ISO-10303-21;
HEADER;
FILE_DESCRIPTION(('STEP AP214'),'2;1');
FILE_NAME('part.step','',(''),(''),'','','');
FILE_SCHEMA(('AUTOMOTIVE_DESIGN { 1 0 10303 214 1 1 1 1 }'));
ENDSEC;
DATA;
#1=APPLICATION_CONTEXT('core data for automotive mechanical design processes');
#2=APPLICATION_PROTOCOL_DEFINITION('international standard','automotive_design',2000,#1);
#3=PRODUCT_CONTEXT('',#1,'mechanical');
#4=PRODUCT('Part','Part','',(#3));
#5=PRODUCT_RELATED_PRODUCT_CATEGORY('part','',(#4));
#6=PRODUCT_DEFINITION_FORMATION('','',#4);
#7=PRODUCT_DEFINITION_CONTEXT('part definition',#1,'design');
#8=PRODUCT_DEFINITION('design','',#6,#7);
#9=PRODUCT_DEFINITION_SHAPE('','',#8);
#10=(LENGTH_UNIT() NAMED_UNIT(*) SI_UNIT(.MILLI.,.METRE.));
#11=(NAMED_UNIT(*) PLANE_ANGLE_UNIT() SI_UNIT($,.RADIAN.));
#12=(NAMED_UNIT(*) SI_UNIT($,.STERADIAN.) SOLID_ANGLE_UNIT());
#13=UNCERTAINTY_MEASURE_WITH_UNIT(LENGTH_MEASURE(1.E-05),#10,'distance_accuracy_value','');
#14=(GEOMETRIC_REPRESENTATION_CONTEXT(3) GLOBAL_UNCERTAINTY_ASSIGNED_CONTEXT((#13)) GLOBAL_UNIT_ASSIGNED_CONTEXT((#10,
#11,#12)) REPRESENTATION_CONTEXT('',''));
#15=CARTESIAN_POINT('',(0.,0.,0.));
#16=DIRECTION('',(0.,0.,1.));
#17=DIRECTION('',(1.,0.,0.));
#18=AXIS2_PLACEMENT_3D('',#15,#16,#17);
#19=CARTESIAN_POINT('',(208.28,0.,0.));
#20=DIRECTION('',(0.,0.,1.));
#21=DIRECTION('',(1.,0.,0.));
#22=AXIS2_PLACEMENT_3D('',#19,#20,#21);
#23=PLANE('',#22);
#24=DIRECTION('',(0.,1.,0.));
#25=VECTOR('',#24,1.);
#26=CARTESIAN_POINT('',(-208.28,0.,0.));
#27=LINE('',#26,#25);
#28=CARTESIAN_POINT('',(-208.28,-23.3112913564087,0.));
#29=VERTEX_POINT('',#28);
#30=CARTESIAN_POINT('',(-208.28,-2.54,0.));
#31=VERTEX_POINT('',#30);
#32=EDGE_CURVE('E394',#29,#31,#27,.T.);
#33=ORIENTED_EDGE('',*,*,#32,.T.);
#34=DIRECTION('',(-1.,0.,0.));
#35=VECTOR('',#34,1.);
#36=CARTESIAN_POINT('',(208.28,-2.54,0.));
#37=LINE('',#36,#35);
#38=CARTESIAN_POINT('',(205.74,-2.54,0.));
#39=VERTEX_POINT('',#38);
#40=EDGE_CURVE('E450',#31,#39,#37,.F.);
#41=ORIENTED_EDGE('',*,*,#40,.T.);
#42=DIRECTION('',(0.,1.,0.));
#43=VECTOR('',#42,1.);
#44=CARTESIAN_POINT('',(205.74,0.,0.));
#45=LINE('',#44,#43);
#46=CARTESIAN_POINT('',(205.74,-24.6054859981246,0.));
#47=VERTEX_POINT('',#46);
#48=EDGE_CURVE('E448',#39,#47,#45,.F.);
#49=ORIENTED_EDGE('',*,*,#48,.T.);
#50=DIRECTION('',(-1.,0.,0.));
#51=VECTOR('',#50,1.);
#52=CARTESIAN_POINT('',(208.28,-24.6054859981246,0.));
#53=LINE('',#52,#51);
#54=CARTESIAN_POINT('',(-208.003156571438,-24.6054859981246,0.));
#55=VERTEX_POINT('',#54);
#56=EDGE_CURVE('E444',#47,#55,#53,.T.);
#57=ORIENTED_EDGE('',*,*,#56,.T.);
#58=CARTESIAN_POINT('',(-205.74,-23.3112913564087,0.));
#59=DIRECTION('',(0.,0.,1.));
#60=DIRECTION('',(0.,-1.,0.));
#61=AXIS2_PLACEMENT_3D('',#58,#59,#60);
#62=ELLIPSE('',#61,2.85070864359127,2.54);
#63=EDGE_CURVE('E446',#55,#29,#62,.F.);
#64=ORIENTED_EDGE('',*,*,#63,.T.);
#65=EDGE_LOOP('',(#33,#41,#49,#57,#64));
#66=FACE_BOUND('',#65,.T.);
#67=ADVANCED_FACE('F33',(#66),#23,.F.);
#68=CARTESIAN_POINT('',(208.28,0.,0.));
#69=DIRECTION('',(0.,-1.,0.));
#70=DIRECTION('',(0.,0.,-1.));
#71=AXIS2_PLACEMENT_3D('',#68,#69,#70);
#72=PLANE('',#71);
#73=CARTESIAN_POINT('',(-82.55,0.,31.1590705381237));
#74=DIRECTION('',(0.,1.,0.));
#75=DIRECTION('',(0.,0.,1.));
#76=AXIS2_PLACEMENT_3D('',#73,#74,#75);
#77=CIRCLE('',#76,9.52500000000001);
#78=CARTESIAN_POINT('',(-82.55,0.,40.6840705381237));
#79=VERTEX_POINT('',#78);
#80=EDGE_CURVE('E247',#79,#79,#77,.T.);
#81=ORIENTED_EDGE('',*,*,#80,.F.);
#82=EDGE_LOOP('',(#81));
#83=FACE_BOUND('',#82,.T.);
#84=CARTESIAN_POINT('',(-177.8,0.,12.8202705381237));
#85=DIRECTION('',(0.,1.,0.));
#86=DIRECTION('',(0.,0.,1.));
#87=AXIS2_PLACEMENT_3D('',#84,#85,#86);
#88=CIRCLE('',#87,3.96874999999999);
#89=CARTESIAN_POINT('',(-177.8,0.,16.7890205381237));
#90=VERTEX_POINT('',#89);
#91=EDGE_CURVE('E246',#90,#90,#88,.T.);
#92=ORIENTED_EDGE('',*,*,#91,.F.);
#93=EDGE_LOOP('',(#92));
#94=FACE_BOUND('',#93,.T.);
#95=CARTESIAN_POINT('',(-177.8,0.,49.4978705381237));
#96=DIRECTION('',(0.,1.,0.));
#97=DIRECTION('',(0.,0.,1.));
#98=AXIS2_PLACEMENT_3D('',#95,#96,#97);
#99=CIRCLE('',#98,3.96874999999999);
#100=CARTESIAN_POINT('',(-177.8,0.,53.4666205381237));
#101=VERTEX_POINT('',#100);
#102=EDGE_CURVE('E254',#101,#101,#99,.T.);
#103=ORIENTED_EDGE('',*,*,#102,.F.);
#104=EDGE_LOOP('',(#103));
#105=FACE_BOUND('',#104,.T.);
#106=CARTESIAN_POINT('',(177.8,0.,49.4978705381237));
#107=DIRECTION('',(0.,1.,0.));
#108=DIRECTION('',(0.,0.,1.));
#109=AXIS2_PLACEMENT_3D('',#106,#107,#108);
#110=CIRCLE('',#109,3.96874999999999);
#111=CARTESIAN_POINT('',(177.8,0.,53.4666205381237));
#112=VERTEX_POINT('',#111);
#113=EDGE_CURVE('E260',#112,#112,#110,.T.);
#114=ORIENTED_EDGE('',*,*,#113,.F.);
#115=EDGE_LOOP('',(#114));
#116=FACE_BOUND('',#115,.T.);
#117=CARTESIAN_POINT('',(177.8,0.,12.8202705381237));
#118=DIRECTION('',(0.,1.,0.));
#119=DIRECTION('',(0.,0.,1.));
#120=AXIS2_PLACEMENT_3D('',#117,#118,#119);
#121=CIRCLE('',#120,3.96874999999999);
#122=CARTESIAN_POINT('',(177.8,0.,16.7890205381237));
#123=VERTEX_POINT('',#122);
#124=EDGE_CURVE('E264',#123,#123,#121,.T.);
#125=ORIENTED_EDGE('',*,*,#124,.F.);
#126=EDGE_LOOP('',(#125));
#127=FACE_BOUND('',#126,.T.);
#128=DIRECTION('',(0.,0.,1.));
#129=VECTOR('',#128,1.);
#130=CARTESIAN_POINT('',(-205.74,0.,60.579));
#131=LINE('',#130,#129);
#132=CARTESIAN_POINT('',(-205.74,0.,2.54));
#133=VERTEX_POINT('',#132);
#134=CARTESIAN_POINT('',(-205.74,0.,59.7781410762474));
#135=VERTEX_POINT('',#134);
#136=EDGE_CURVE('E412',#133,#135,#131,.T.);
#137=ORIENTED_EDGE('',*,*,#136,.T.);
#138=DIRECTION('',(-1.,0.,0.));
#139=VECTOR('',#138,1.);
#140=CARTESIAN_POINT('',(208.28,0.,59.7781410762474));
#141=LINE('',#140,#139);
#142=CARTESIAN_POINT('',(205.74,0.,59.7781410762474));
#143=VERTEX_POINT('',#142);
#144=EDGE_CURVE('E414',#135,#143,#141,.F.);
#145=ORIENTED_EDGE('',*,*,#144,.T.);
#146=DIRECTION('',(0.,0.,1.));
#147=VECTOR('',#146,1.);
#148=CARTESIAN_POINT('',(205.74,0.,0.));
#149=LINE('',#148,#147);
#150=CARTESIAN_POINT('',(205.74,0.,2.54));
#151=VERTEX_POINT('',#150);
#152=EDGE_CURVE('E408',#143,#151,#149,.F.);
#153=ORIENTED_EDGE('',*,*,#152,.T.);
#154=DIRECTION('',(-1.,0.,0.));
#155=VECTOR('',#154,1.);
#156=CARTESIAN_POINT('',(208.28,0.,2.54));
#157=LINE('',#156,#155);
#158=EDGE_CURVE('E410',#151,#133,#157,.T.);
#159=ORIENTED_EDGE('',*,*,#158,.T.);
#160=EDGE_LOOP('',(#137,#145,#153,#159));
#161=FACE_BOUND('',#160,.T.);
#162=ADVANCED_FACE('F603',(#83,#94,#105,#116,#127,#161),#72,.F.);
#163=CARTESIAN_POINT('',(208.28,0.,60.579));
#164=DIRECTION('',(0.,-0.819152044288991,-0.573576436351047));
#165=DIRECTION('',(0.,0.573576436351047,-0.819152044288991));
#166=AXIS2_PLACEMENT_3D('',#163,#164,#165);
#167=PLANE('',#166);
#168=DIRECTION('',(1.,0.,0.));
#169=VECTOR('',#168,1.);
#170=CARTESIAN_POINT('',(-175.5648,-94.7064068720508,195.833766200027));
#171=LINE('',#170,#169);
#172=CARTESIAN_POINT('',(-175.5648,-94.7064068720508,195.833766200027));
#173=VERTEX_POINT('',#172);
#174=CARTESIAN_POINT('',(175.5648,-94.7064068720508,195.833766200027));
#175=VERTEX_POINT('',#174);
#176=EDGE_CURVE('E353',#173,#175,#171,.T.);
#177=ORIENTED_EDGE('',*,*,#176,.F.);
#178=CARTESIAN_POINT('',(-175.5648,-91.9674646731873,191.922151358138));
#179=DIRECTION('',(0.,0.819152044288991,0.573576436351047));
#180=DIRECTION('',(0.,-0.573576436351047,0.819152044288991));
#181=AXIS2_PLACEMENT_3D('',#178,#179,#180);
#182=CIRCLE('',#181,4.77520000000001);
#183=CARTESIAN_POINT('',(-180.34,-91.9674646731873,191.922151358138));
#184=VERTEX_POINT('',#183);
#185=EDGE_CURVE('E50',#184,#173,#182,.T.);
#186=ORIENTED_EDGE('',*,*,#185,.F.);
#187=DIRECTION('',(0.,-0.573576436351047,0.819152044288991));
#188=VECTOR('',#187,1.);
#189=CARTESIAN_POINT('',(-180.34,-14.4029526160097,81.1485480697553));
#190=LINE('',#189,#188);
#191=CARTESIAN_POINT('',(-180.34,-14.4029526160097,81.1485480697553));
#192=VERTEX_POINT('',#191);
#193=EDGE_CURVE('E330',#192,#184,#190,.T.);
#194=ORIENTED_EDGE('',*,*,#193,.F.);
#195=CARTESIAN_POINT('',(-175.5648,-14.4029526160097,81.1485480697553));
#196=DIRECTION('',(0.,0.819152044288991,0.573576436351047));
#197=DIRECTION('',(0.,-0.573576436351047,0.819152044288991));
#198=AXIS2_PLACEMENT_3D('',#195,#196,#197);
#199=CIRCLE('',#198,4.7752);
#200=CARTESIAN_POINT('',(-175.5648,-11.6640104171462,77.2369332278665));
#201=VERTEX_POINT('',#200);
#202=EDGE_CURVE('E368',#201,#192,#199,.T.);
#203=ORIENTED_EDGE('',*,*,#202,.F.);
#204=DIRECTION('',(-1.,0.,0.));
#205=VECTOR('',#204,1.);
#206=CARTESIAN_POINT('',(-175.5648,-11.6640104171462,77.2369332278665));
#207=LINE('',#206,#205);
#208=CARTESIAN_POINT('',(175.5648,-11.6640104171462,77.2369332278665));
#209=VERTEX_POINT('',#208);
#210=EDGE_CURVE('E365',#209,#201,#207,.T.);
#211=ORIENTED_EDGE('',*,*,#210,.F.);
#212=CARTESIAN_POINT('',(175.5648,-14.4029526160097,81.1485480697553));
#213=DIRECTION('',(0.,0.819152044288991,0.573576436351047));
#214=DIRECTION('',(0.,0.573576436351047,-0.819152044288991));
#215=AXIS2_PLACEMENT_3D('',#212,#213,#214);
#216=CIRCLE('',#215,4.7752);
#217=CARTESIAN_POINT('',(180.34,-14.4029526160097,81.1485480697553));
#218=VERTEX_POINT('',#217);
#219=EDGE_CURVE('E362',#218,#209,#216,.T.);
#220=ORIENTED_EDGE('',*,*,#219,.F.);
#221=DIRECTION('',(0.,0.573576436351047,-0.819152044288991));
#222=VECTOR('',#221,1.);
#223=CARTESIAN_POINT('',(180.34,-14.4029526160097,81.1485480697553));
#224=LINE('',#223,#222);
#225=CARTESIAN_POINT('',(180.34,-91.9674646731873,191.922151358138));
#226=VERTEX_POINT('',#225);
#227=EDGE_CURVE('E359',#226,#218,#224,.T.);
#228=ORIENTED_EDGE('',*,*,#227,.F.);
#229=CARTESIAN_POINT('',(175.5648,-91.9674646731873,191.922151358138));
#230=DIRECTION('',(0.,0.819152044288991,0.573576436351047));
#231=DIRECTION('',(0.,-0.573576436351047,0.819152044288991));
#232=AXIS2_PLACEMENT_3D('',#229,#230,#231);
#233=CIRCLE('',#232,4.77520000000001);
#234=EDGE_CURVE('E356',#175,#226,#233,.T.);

● ● ● ● ● ● ●

ABOUT THIS EXERCISE:
Everything from the first line of the data through the line holding "#9=PRODUCT_DEFINITION_SHAPE('','',#8);" should be output exactly, and no other lines.

COMPLETED TASK:
ISO-10303-21;
HEADER;
FILE_DESCRIPTION(('STEP AP214'),'2;1');
FILE_NAME('part.step','',(''),(''),'','','');
FILE_SCHEMA(('AUTOMOTIVE_DESIGN { 1 0 10303 214 1 1 1 1 }'));
ENDSEC;
DATA;
#1=APPLICATION_CONTEXT('core data for automotive mechanical design processes');
#2=APPLICATION_PROTOCOL_DEFINITION('international standard','automotive_design',2000,#1);
#3=PRODUCT_CONTEXT('',#1,'mechanical');
#4=PRODUCT('Part','Part','',(#3));
#5=PRODUCT_RELATED_PRODUCT_CATEGORY('part','',(#4));
#6=PRODUCT_DEFINITION_FORMATION('','',#4);
#7=PRODUCT_DEFINITION_CONTEXT('part definition',#1,'design');
#8=PRODUCT_DEFINITION('design','',#6,#7);
#9=PRODUCT_DEFINITION_SHAPE('','',#8);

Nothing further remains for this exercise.